Work instruction → Lines from the beginning of the material below through the line that has "layer by layer" are to be reproduced exactly, but pictures are not.

*** Extracted data Section Begins ***

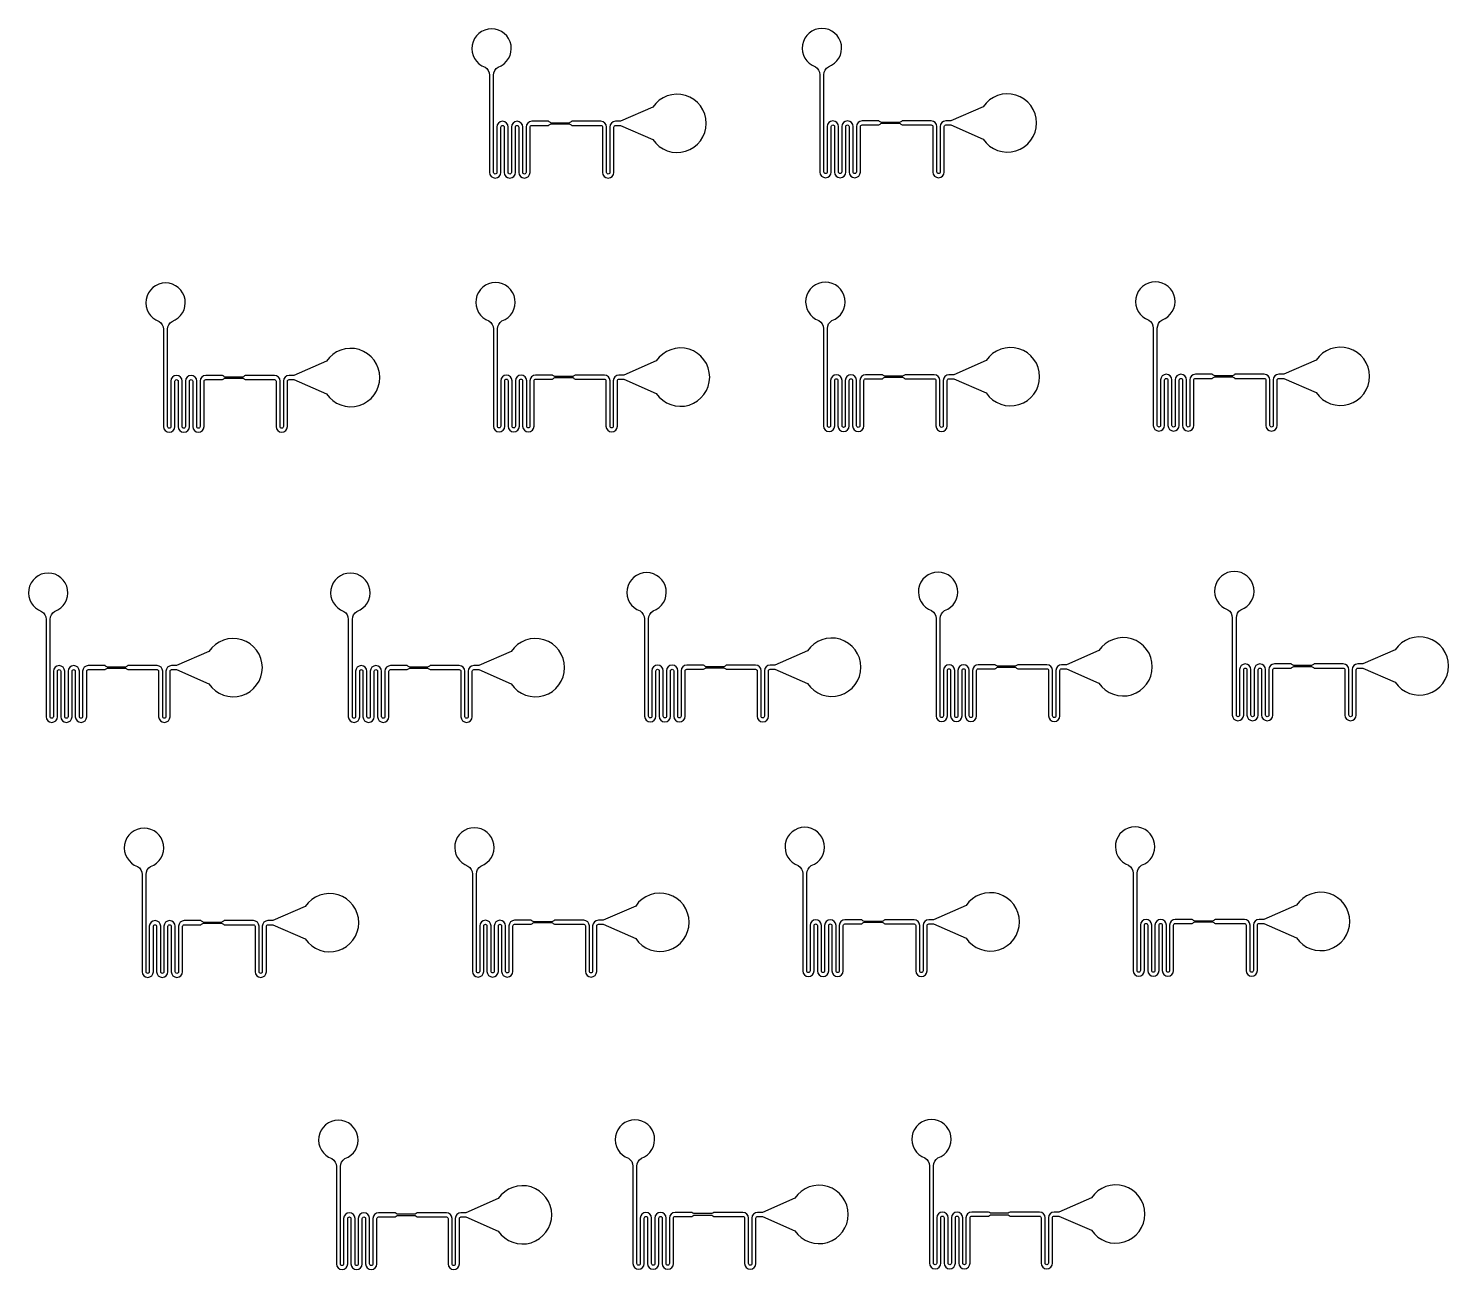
# Model space of a CAD drawing. Header units: millimetres. Extents: x -43824 to 43661, y -37611 to 38888.
import ezdxf

# ---------------------------------------------------------------- set-up
doc = ezdxf.new("R2010")
doc.units = ezdxf.units.MM

msp = doc.modelspace()

# ---------------------------------------------------------------- linework, layer by layer
for points in [[(-5358, 34035), (-7358, 33160), (-7658, 33160, 0.408912), (-8008, 32810), (-8008, 30010, -0.414214), (-8108, 29910, -0.414214), (-8208, 30010), (-8208, 32810, 0.408912), (-8558, 33160), (-10358, 33160, -0.041469), (-10522, 33055), (-11622, 33055, -0.041469), (-11786, 33160), (-12818, 33160, 0.408912), (-13168, 32810), (-13168, 30010, -0.414214), (-13268, 29910, -0.414214), (-13368, 30010), (-13368, 32810, 0.408912), (-13718, 33160, 0.408912), (-14068, 32810), (-14068, 30010, -0.414214), (-14168, 29910, -0.414214), (-14268, 30010), (-14268, 32810, 0.408912), (-14618, 33160, 0.408912), (-14968, 32810), (-14968, 30010, -0.414214), (-15068, 29910, -0.414214), (-15168, 30010), (-15168, 36010, -0.251869), (-14893, 36500, 5.908192), (-15693, 36500, -0.251869), (-15418, 36010), (-15418, 30010, 0.408912), (-15068, 29660, 0.408912), (-14718, 30010), (-14718, 32810, -0.414214), (-14618, 32910, -0.414214), (-14518, 32810), (-14518, 30010, 0.408912), (-14168, 29660, 0.408912), (-13818, 30010), (-13818, 32810, -0.414214), (-13718, 32910, -0.414214), (-13618, 32810), (-13618, 30010, 0.408912), (-13268, 29660, 0.408912), (-12918, 30010), (-12918, 32810, -0.414214), (-12818, 32910), (-11786, 32910, -0.041469), (-11622, 33015), (-10522, 33015, -0.041469), (-10358, 32910), (-8558, 32910, -0.414214), (-8458, 32810), (-8458, 30010, 0.408912), (-8108, 29660, 0.408912), (-7758, 30010), (-7758, 32810, -0.414214), (-7658, 32910), (-7358, 32910), (-5358, 32035, 3.289712)], [(14992, 34060), (12992, 33185), (12692, 33185, 0.408912), (12342, 32835), (12342, 30035, -0.414214), (12242, 29935, -0.414214), (12142, 30035), (12142, 32835, 0.408912), (11792, 33185), (9992, 33185, -0.041469), (9828, 33080), (8728, 33080, -0.041469), (8564, 33185), (7531, 33185, 0.408912), (7181, 32835), (7181, 30035, -0.414214), (7081, 29935, -0.414214), (6981, 30035), (6981, 32835, 0.408912), (6631, 33185, 0.408912), (6281, 32835), (6281, 30035, -0.414214), (6181, 29935, -0.414214), (6081, 30035), (6081, 32835, 0.408912), (5731, 33185, 0.408912), (5381, 32835), (5381, 30035, -0.414214), (5281, 29935, -0.414214), (5181, 30035), (5181, 36035, -0.251869), (5456, 36525, 5.908192), (4656, 36525, -0.251869), (4931, 36035), (4931, 30035, 0.408912), (5281, 29685, 0.408912), (5631, 30035), (5631, 32835, -0.414214), (5731, 32935, -0.414214), (5831, 32835), (5831, 30035, 0.408912), (6181, 29685, 0.408912), (6531, 30035), (6531, 32835, -0.414214), (6631, 32935, -0.414214), (6731, 32835), (6731, 30035, 0.408912), (7081, 29685, 0.408912), (7431, 30035), (7431, 32835, -0.414214), (7531, 32935), (8564, 32935, -0.041469), (8728, 33040), (9828, 33040, -0.041469), (9992, 32935), (11792, 32935, -0.414214), (11892, 32835), (11892, 30035, 0.408912), (12242, 29685, 0.408912), (12592, 30035), (12592, 32835, -0.414214), (12692, 32935), (12992, 32935), (14992, 32060, 3.289712)], [(-28217, 13994, 0.408912), (-27867, 14344), (-27867, 17144, -0.414214), (-27767, 17244), (-27467, 17244), (-25467, 16369, 3.289712), (-25467, 18369), (-27467, 17494), (-27767, 17494, 0.408912), (-28117, 17144), (-28117, 14344, -0.414214), (-28217, 14244, -0.414214), (-28317, 14344), (-28317, 17144, 0.408912), (-28667, 17494), (-30467, 17494, -0.037929), (-30617, 17399), (-31717, 17399, -0.037929), (-31868, 17494), (-32900, 17494, 0.408912), (-33250, 17144), (-33250, 14344, -0.414214), (-33350, 14244, -0.414214), (-33450, 14344), (-33450, 17144, 0.408912), (-33800, 17494, 0.408912), (-34150, 17144), (-34150, 14344, -0.414214), (-34250, 14244, -0.414214), (-34350, 14344), (-34350, 17144, 0.408912), (-34700, 17494, 0.408912), (-35050, 17144), (-35050, 14344, -0.414214), (-35150, 14244, -0.414214), (-35250, 14344), (-35250, 20344, -0.251869), (-34975, 20833, 5.908192), (-35775, 20833, -0.251869), (-35500, 20344), (-35500, 14344, 0.408912), (-35150, 13994, 0.408912), (-34800, 14344), (-34800, 17144, -0.414214), (-34700, 17244, -0.414214), (-34600, 17144), (-34600, 14344, 0.408912), (-34250, 13994, 0.408912), (-33900, 14344), (-33900, 17144, -0.414214), (-33800, 17244, -0.414214), (-33700, 17144), (-33700, 14344, 0.408912), (-33350, 13994, 0.408912), (-33000, 14344), (-33000, 17144, -0.414214), (-32900, 17244), (-31868, 17244, -0.037929), (-31717, 17339), (-30617, 17339, -0.037929), (-30467, 17244), (-28667, 17244, -0.414214), (-28567, 17144), (-28567, 14344, 0.408912)], [(-7894, 14019, 0.408912), (-7544, 14369), (-7544, 17169, -0.414214), (-7444, 17269), (-7144, 17269), (-5144, 16394, 3.289712), (-5144, 18394), (-7144, 17519), (-7444, 17519, 0.408912), (-7794, 17169), (-7794, 14369, -0.414214), (-7894, 14269, -0.414214), (-7994, 14369), (-7994, 17169, 0.408912), (-8344, 17519), (-10144, 17519, -0.037929), (-10294, 17424), (-11394, 17424, -0.037929), (-11545, 17519), (-12577, 17519, 0.408912), (-12927, 17169), (-12927, 14369, -0.414214), (-13027, 14269, -0.414214), (-13127, 14369), (-13127, 17169, 0.408912), (-13477, 17519, 0.408912), (-13827, 17169), (-13827, 14369, -0.414214), (-13927, 14269, -0.414214), (-14027, 14369), (-14027, 17169, 0.408912), (-14377, 17519, 0.408912), (-14727, 17169), (-14727, 14369, -0.414214), (-14827, 14269, -0.414214), (-14927, 14369), (-14927, 20369, -0.251869), (-14652, 20858, 5.908192), (-15452, 20858, -0.251869), (-15177, 20369), (-15177, 14369, 0.408912), (-14827, 14019, 0.408912), (-14477, 14369), (-14477, 17169, -0.414214), (-14377, 17269, -0.414214), (-14277, 17169), (-14277, 14369, 0.408912), (-13927, 14019, 0.408912), (-13577, 14369), (-13577, 17169, -0.414214), (-13477, 17269, -0.414214), (-13377, 17169), (-13377, 14369, 0.408912), (-13027, 14019, 0.408912), (-12677, 14369), (-12677, 17169, -0.414214), (-12577, 17269), (-11545, 17269, -0.037929), (-11394, 17364), (-10294, 17364, -0.037929), (-10144, 17269), (-8344, 17269, -0.414214), (-8244, 17169), (-8244, 14369, 0.408912)], [(12430, 14044, 0.408912), (12780, 14394), (12780, 17194, -0.414214), (12880, 17294), (13180, 17294), (15180, 16419, 3.289712), (15180, 18419), (13180, 17544), (12880, 17544, 0.408912), (12530, 17194), (12530, 14394, -0.414214), (12430, 14294, -0.414214), (12330, 14394), (12330, 17194, 0.408912), (11980, 17544), (10180, 17544, -0.037929), (10029, 17449), (8929, 17449, -0.037929), (8779, 17544), (7746, 17544, 0.408912), (7396, 17194), (7396, 14394, -0.414214), (7296, 14294, -0.414214), (7196, 14394), (7196, 17194, 0.408912), (6846, 17544, 0.408912), (6496, 17194), (6496, 14394, -0.414214), (6396, 14294, -0.414214), (6296, 14394), (6296, 17194, 0.408912), (5946, 17544, 0.408912), (5596, 17194), (5596, 14394, -0.414214), (5496, 14294, -0.414214), (5396, 14394), (5396, 20394, -0.251869), (5671, 20883, 5.908192), (4871, 20883, -0.251869), (5146, 20394), (5146, 14394, 0.408912), (5496, 14044, 0.408912), (5846, 14394), (5846, 17194, -0.414214), (5946, 17294, -0.414214), (6046, 17194), (6046, 14394, 0.408912), (6396, 14044, 0.408912), (6746, 14394), (6746, 17194, -0.414214), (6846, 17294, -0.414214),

*** Extracted data Section Ends ***

Solution to this task →
# Model space of a CAD drawing. Header units: millimetres. Extents: x -43824 to 43661, y -37611 to 38888.
import ezdxf

# ---------------------------------------------------------------- set-up
doc = ezdxf.new("R2010")
doc.units = ezdxf.units.MM

msp = doc.modelspace()

# ---------------------------------------------------------------- linework, layer by layer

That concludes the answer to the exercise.